The question on many investors’ minds is how low the EURUSD pair can fall before the release of the US labor market and inflation data for July. The answer to this question will depend on the Trump trade, which has taken the Fed’s monetary policy to the back burner. Let’s discuss this topic and make a trading plan.
The article covers the following subjects:
Highlights and key points
- Investors are paying no heed to bets on the Fed’s monetary expansion.
- Markets are focused on the negatives of tariffs for the global economy.
- They fear chaos in the market caused by Donald Trump.
- The 1.083 level is the line in the sand for the EURUSD pair.
Weekly US dollar fundamental forecast
The key issue for investors in July will be the interplay between the Federal Reserve’s monetary policy and the so-called “Trump-victory trades.” In the first half of the month, the slowdown in the US labor market and inflation increased the likelihood of a federal funds rate cut in September to 100% from 73%. This led to a EURUSD rally. However, in the second half of the month, the situation reversed. Investors are expressing significant concern about the policies of the presidential nominee, which is contributing to a surge in the value of the US dollar.
UBS estimates that a 60% tariff on Chinese imports would result in a 2.5% reduction in China’s GDP growth. The bank anticipates economic expansion of 4.6% and 4.3% for the 2025-2026 period. However, in the event of a trade war, the forecast would decline to less than 3%. The eurozone is likely to be one of the main victims of the current situation, given its ongoing difficulties with China. Meanwhile, a modest reduction in PBoC rates is unlikely to have a significant impact.
Major European brands report declining sales in China. Goldman Sachs recommends selling their shares, and so far this strategy has been effective.
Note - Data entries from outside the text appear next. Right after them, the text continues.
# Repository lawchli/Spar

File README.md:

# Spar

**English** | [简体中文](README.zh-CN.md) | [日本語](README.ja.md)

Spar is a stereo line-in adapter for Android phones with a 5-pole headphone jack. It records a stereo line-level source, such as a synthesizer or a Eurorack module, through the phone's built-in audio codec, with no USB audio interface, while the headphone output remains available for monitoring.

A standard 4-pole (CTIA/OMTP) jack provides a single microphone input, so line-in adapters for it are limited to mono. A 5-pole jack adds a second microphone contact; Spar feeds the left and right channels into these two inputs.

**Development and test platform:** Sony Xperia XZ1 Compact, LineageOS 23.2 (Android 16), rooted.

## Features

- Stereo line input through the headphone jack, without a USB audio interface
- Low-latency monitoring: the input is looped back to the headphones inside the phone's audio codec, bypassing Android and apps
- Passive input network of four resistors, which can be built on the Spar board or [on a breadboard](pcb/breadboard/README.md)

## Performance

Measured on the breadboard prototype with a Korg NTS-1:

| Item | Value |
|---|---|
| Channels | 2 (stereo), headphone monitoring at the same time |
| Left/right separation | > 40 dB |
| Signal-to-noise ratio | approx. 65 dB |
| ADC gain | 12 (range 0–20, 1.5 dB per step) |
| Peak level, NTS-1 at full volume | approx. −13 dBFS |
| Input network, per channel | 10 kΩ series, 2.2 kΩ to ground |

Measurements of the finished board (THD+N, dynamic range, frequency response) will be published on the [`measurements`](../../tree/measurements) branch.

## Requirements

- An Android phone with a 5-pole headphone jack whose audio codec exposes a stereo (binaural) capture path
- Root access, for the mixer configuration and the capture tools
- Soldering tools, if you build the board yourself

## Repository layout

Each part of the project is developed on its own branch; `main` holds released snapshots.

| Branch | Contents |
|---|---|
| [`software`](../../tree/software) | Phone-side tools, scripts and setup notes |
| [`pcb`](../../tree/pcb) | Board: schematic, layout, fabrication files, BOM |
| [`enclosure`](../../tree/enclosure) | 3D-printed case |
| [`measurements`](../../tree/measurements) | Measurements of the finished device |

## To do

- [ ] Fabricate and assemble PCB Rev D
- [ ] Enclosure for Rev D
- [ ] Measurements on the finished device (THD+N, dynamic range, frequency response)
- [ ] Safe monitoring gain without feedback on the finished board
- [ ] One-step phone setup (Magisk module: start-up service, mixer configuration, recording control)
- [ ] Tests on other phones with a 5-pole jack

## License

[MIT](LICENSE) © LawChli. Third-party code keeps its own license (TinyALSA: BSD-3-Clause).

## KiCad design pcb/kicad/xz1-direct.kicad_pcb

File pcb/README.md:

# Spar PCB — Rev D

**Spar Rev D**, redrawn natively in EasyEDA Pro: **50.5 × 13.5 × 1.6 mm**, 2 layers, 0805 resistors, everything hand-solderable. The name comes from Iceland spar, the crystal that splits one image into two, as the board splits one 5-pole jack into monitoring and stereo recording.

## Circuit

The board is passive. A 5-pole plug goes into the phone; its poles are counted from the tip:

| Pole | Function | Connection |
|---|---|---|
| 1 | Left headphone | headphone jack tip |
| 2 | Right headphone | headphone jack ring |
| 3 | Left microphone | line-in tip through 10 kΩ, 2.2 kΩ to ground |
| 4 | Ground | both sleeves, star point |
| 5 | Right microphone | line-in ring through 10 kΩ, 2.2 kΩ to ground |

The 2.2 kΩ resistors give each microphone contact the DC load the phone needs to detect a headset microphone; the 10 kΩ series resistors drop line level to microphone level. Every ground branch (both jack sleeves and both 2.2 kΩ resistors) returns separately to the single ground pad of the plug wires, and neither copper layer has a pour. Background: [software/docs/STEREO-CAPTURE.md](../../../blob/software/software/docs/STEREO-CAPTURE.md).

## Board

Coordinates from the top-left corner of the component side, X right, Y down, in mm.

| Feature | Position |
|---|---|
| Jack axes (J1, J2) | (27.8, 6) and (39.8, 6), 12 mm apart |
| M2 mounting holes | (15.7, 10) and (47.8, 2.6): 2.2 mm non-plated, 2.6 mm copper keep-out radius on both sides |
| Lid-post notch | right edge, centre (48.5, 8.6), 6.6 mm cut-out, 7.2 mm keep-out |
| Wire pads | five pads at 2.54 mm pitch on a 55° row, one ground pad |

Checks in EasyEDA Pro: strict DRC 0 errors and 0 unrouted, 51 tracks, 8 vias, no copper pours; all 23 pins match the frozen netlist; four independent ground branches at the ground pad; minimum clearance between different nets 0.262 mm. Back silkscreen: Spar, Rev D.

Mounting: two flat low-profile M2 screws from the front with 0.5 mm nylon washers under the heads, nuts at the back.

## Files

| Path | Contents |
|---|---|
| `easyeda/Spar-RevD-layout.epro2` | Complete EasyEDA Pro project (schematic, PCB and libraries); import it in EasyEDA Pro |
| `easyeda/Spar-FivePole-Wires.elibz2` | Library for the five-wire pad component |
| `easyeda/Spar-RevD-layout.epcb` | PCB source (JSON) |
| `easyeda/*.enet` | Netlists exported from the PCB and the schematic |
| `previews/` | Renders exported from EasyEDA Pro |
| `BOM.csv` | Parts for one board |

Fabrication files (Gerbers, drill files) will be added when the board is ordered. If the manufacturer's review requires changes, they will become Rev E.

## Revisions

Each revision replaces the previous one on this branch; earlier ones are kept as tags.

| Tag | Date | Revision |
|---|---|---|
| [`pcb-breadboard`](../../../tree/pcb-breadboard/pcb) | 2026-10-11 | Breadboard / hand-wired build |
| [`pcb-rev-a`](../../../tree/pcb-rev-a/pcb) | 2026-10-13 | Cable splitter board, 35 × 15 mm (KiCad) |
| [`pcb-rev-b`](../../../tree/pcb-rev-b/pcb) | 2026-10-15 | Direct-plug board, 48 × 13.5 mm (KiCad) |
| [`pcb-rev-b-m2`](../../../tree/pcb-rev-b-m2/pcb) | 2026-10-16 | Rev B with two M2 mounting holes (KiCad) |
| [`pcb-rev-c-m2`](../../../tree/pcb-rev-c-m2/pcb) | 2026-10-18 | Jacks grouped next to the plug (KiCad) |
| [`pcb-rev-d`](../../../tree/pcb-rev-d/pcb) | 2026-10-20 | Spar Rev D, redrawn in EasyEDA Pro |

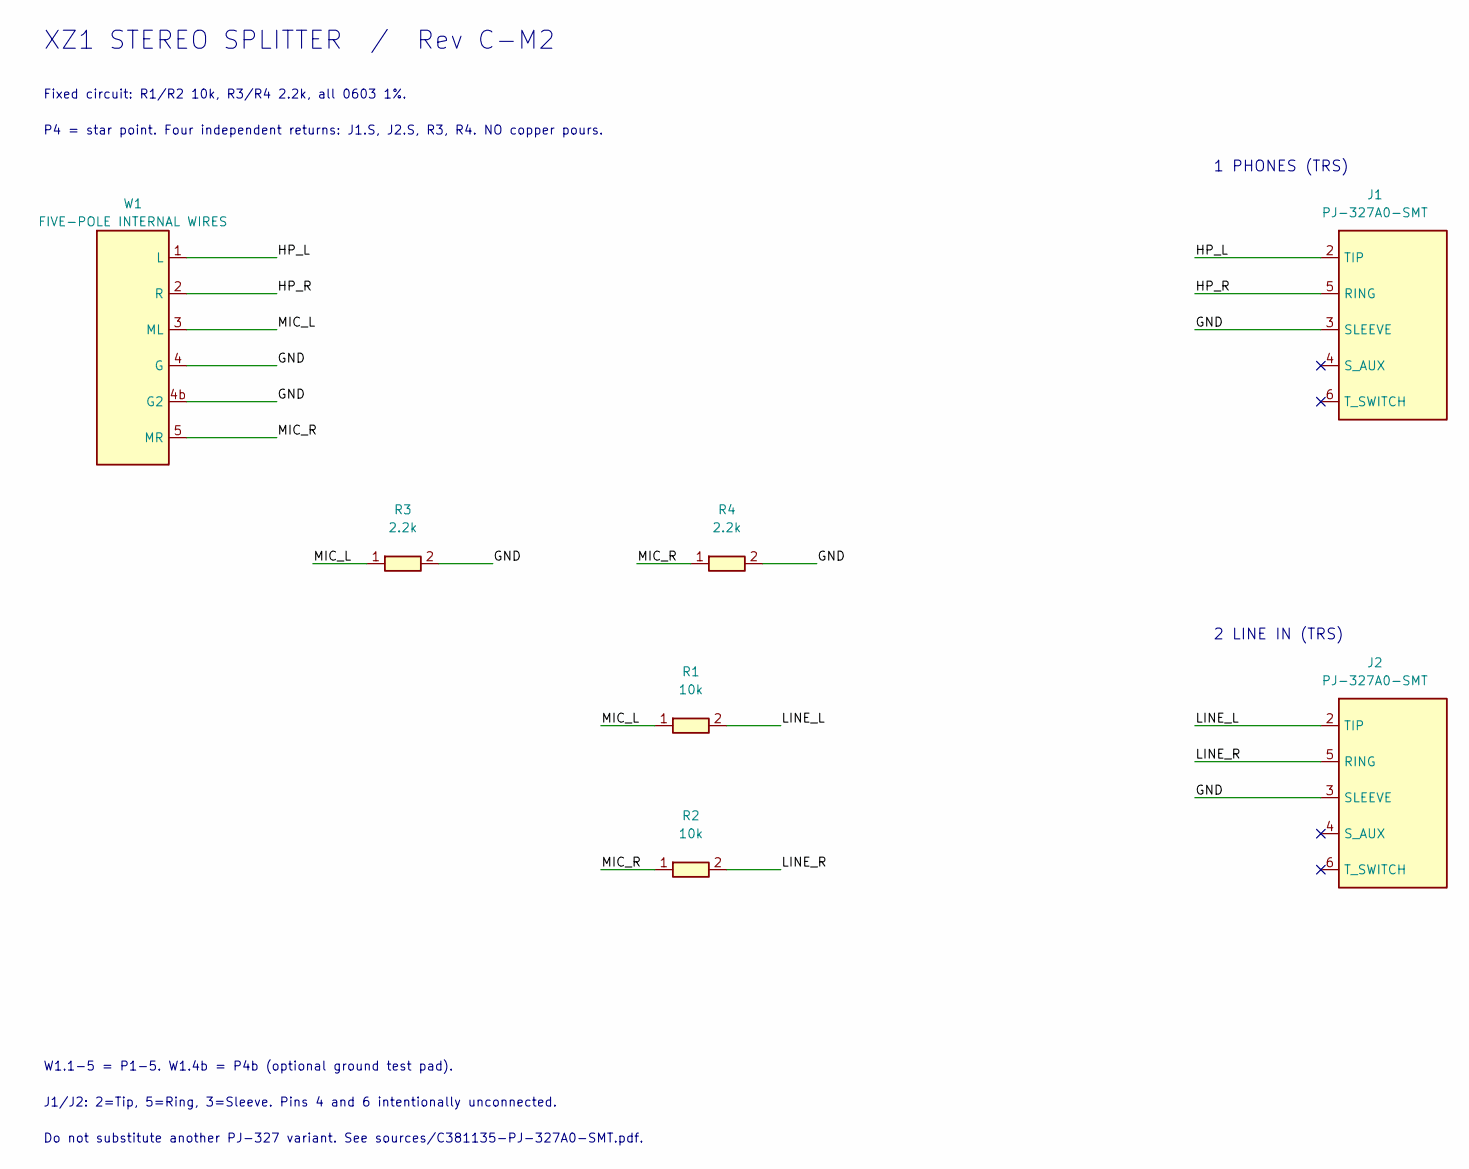
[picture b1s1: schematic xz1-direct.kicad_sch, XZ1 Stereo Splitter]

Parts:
J1, J2: PJ-327A0-SMT; PJ-327A0-SMT_C381135; LCSC C381135
R1, R2: 10k; R_0603_1608Metric; LCSC C25804
R3, R4: 2.2k; R_0603_1608Metric; LCSC C4190
W1: FIVE-POLE INTERNAL WIRES; WirePads_5Pole_Star

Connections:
/GND: J1.3 (SLEEVE), J2.3 (SLEEVE), R3.2, R4.2, W1.4 (G), W1.4b (G2)
/HP_L: J1.2 (TIP), W1.1 (L)
/HP_R: J1.5 (RING), W1.2 (R)
/LINE_L: J2.2 (TIP), R1.2
/LINE_R: J2.5 (RING), R2.2
/MIC_L: R1.1, R3.1, W1.3 (ML)
/MIC_R: R2.1, R4.1, W1.5 (MR)

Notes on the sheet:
XZ1 STEREO SPLITTER / Rev C-M2
Fixed circuit: R1/R2 10k, R3/R4 2.2k, all 0603 1%.
P4 = star point. Four independent returns: J1.S, J2.S, R3, R4. NO copper pours.
1 PHONES (TRS)
2 LINE IN (TRS)
W1.1-5 = P1-5. W1.4b = P4b (optional ground test pad).
J1/J2: 2=Tip, 5=Ring, 3=Sleeve. Pins 4 and 6 intentionally unconnected.
Do not substitute another PJ-327 variant. See sources/C381135-PJ-327A0-SMT.pdf.

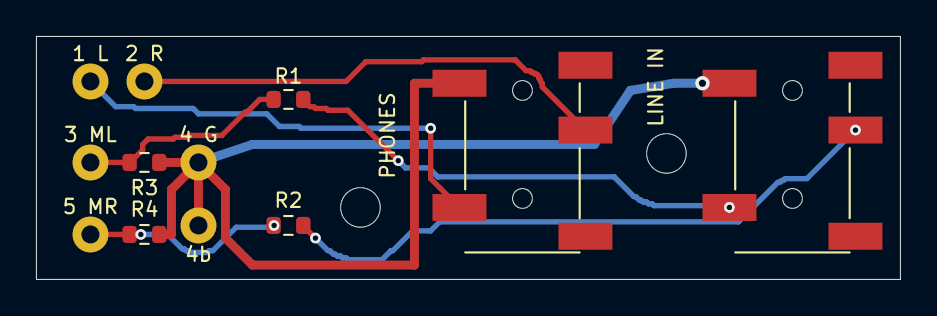
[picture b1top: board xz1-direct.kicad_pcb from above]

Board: 2 copper layers, 48.0 x 13.5 mm, 7 parts (0 on the bottom side), 7 nets.

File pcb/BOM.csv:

Ref,Qty,Part,Manufacturer part,LCSC,Notes
J1 J2,2,"3.5 mm TRS socket, SMD",XKB PJ-327A0-SMT,C381135,Hand-soldered
R1 R2,2,"10 kΩ 1 %, 0805",0805W8F1002T5E,C17414,Series resistors
R3 R4,2,"2.2 kΩ 1 %, 0805",0805W8F2201T5E,C17520,Detection load to ground
—,1,"5-pole 3.5 mm plug, wire terminals",—,—,Wired to the five pads; poles counted from the tip
—,2,"M2 screw, flat low-profile head ≤ 5 mm, length to suit the enclosure",—,—,From the front through the mounting holes
—,2,"M2 hex nut, 4 mm across flats",—,—,At the back
—,2,"M2 nylon flat washer, 0.5 mm",—,—,Under the screw heads to protect the solder mask

The deterioration in corporate results could be followed by mass layoffs and production cuts, which would have a negative impact on the currency bloc’s GDP.
EuroStoxx and stock basket of companies exporting to China
Source: Bloomberg.
Germany, which accounts for half of the EU’s exports to China, will suffer the most from Donald Trump’s new tariffs. The slowdown in Asia’s largest economy is a long-term drag, but until recently, it has been offset by accelerating US GDP growth. Now that the US economy is also slowing, Europe’s economic rebound is at risk.
The euro is the currency of the optimists, and the US dollar is the currency of the pessimists. Not surprisingly, the EURUSD pair is heading lower amid the S&P 500 correction, the potential slowdown in global GDP due to renewed trade wars, and the chaos that Donald Trump could bring. What else can we call the political pressure on the Fed to cut rates aggressively and return to the practice of currency intervention as part of a weak US dollar policy?
No wonder investors forgot about the Fed and focused on the Trump trade, which came too early in the markets. Donald Trump’s victory in the presidential debate and the assassination attempt on him boosted the presidential race and forced the EURUSD pair to react.
Weekly EURUSD trading plan
Most likely, the Trump trade will persist until November, and investors will turn to the Fed at the beginning of the month after the release of employment and inflation data. The EURUSD pair will likely face a roller coaster ride, and its trajectory depends on its ability to stay above 1.083. If it does, there will be a chance to resume the bullish trend. If not, one may sell the euro until July’s release of the US Nonfarm Payrolls.